■ Requirement ■
In the listing below, find the line that contains "Document SubType Name: Modeling" and the line that contains "1) x (1, 0, 0)". Quote both and every line between them, exactly, and nothing more.

■ Information supplied ■
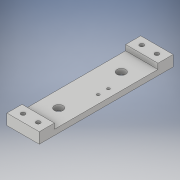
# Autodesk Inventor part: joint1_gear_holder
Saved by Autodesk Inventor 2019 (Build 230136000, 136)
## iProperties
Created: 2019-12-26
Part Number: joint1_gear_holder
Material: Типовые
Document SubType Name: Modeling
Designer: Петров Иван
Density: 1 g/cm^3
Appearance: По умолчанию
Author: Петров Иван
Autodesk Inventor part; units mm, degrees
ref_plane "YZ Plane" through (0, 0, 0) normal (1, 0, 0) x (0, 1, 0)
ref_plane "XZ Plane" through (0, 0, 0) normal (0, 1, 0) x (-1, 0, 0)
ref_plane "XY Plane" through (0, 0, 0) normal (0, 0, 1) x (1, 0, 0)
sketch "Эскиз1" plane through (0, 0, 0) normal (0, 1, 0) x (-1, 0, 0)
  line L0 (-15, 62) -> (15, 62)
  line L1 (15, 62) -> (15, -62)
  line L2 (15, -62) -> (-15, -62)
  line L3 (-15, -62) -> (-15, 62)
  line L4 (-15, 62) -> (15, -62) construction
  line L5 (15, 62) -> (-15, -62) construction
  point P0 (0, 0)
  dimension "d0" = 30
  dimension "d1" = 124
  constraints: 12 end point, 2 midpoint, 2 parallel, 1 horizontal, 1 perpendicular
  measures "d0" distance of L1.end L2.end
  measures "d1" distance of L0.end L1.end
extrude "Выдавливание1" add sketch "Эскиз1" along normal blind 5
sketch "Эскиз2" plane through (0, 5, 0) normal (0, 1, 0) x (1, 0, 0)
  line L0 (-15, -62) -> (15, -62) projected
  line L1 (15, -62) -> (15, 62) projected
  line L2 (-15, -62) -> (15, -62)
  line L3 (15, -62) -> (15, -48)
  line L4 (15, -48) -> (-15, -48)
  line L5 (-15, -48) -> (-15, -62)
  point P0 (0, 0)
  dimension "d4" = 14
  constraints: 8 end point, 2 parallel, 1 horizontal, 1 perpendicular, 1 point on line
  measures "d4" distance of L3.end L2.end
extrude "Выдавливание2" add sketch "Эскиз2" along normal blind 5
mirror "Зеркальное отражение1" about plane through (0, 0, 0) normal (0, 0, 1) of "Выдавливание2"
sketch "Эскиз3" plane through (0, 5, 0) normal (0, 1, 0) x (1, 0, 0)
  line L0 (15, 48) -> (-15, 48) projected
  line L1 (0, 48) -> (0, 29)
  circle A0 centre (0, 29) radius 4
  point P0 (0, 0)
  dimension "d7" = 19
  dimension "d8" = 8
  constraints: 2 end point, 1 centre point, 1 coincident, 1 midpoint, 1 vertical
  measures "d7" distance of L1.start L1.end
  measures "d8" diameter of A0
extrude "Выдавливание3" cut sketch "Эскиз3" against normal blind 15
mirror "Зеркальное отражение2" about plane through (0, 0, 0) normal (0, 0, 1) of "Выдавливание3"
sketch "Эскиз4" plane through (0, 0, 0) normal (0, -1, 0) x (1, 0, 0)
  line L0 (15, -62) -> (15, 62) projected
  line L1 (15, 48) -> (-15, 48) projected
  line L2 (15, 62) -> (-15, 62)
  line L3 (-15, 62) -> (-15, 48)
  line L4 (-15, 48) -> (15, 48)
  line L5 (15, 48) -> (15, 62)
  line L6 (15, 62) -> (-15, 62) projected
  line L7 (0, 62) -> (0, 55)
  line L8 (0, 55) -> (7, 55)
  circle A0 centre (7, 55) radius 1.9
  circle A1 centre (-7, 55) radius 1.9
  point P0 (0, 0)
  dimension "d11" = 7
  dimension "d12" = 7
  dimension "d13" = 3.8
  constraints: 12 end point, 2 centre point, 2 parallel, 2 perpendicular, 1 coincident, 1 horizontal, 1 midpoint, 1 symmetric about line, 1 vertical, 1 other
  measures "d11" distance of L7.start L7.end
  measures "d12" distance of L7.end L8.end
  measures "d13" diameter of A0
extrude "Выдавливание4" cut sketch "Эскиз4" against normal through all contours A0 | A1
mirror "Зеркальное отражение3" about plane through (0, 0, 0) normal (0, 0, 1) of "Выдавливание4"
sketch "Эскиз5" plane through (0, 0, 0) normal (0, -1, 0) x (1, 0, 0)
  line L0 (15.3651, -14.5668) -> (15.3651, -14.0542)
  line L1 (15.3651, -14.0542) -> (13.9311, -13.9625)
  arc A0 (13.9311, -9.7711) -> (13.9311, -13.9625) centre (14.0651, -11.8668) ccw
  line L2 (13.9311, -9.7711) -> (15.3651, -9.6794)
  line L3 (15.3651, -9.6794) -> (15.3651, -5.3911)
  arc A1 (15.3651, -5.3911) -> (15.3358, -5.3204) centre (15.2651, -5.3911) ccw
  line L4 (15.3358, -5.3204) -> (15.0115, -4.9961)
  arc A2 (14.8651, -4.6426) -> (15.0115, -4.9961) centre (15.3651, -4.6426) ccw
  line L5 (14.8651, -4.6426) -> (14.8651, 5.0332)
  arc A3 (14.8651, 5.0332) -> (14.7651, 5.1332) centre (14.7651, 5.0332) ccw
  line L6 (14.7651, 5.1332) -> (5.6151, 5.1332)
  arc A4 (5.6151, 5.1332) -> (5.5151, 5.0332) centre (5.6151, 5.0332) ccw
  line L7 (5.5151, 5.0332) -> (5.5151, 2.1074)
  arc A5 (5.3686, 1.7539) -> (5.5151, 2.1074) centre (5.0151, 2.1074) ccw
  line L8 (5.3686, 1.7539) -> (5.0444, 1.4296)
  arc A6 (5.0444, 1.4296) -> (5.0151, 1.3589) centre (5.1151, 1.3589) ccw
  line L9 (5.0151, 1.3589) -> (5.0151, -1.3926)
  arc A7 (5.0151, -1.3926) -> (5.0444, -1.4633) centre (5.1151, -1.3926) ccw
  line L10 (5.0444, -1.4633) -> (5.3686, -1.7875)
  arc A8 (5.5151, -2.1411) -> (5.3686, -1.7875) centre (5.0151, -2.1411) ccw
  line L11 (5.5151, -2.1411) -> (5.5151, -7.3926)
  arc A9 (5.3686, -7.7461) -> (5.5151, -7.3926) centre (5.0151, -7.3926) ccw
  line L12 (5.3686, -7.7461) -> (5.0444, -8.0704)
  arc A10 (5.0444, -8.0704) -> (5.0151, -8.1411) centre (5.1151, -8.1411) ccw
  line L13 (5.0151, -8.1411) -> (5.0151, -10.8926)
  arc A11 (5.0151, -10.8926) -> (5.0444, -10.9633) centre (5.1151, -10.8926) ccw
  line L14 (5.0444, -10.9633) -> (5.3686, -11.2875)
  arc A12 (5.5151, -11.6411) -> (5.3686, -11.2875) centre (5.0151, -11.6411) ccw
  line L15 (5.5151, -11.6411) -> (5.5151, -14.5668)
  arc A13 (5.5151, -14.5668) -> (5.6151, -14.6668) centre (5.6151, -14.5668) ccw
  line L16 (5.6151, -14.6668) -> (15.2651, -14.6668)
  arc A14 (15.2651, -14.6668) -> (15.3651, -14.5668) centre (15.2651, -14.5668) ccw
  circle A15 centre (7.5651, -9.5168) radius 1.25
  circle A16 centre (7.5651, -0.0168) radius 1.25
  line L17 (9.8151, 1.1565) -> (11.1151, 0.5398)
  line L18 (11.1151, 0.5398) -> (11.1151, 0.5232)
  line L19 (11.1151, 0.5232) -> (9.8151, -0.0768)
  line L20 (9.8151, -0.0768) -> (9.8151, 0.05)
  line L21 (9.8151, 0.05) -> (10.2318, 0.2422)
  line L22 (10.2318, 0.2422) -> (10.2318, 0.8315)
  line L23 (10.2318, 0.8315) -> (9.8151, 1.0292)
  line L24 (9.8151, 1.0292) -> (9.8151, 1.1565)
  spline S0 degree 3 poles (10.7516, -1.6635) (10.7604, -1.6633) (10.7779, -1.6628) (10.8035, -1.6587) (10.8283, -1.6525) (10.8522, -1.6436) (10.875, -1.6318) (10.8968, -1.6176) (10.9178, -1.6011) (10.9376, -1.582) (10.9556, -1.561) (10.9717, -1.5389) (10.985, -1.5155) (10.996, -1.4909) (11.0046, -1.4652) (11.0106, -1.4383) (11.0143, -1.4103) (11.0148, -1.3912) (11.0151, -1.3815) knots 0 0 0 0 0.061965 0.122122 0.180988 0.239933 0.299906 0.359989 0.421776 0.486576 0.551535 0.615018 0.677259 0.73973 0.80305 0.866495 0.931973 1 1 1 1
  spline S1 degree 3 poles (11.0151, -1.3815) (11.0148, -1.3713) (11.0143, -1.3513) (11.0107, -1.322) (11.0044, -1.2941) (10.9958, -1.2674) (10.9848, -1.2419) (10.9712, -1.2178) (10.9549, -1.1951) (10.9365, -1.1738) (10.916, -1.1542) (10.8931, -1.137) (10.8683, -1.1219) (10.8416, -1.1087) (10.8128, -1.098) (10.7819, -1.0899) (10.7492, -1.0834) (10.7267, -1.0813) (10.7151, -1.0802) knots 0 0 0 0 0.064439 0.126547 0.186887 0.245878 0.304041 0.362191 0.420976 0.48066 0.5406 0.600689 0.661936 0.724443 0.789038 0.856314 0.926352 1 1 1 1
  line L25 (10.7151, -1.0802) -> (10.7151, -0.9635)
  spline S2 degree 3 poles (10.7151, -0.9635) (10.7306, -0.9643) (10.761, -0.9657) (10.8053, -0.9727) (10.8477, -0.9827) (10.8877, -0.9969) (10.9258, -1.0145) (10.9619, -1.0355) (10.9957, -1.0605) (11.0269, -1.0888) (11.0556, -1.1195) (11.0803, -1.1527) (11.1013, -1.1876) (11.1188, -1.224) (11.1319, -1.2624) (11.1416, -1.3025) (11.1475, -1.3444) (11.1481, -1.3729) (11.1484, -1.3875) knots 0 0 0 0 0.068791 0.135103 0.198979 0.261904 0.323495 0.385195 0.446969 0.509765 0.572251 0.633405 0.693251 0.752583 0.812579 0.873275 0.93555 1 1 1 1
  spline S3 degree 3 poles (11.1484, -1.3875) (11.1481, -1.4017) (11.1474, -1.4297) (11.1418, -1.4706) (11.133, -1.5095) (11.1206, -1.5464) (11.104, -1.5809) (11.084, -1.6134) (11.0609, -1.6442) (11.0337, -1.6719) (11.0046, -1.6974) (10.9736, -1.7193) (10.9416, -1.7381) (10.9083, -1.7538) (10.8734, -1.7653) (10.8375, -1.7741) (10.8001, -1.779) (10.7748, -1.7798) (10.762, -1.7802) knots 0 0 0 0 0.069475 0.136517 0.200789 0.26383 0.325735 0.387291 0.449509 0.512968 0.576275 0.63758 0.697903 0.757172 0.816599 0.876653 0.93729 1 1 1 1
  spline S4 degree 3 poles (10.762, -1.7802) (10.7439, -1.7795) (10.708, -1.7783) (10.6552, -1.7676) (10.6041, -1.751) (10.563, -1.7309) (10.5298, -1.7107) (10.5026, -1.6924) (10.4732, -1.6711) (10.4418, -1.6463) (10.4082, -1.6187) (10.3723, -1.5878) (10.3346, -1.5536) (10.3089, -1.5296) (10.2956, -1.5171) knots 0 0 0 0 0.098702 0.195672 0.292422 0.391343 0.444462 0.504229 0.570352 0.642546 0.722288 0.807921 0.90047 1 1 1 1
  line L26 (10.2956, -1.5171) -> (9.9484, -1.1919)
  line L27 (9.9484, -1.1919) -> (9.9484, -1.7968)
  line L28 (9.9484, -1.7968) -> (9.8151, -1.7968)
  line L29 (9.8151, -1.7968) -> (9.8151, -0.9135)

■ Answer space ■
Document SubType Name: Modeling
Designer: Петров Иван
Density: 1 g/cm^3
Appearance: По умолчанию
Author: Петров Иван
Autodesk Inventor part; units mm, degrees
ref_plane "YZ Plane" through (0, 0, 0) normal (1, 0, 0) x (0, 1, 0)
ref_plane "XZ Plane" through (0, 0, 0) normal (0, 1, 0) x (-1, 0, 0)
ref_plane "XY Plane" through (0, 0, 0) normal (0, 0, 1) x (1, 0, 0)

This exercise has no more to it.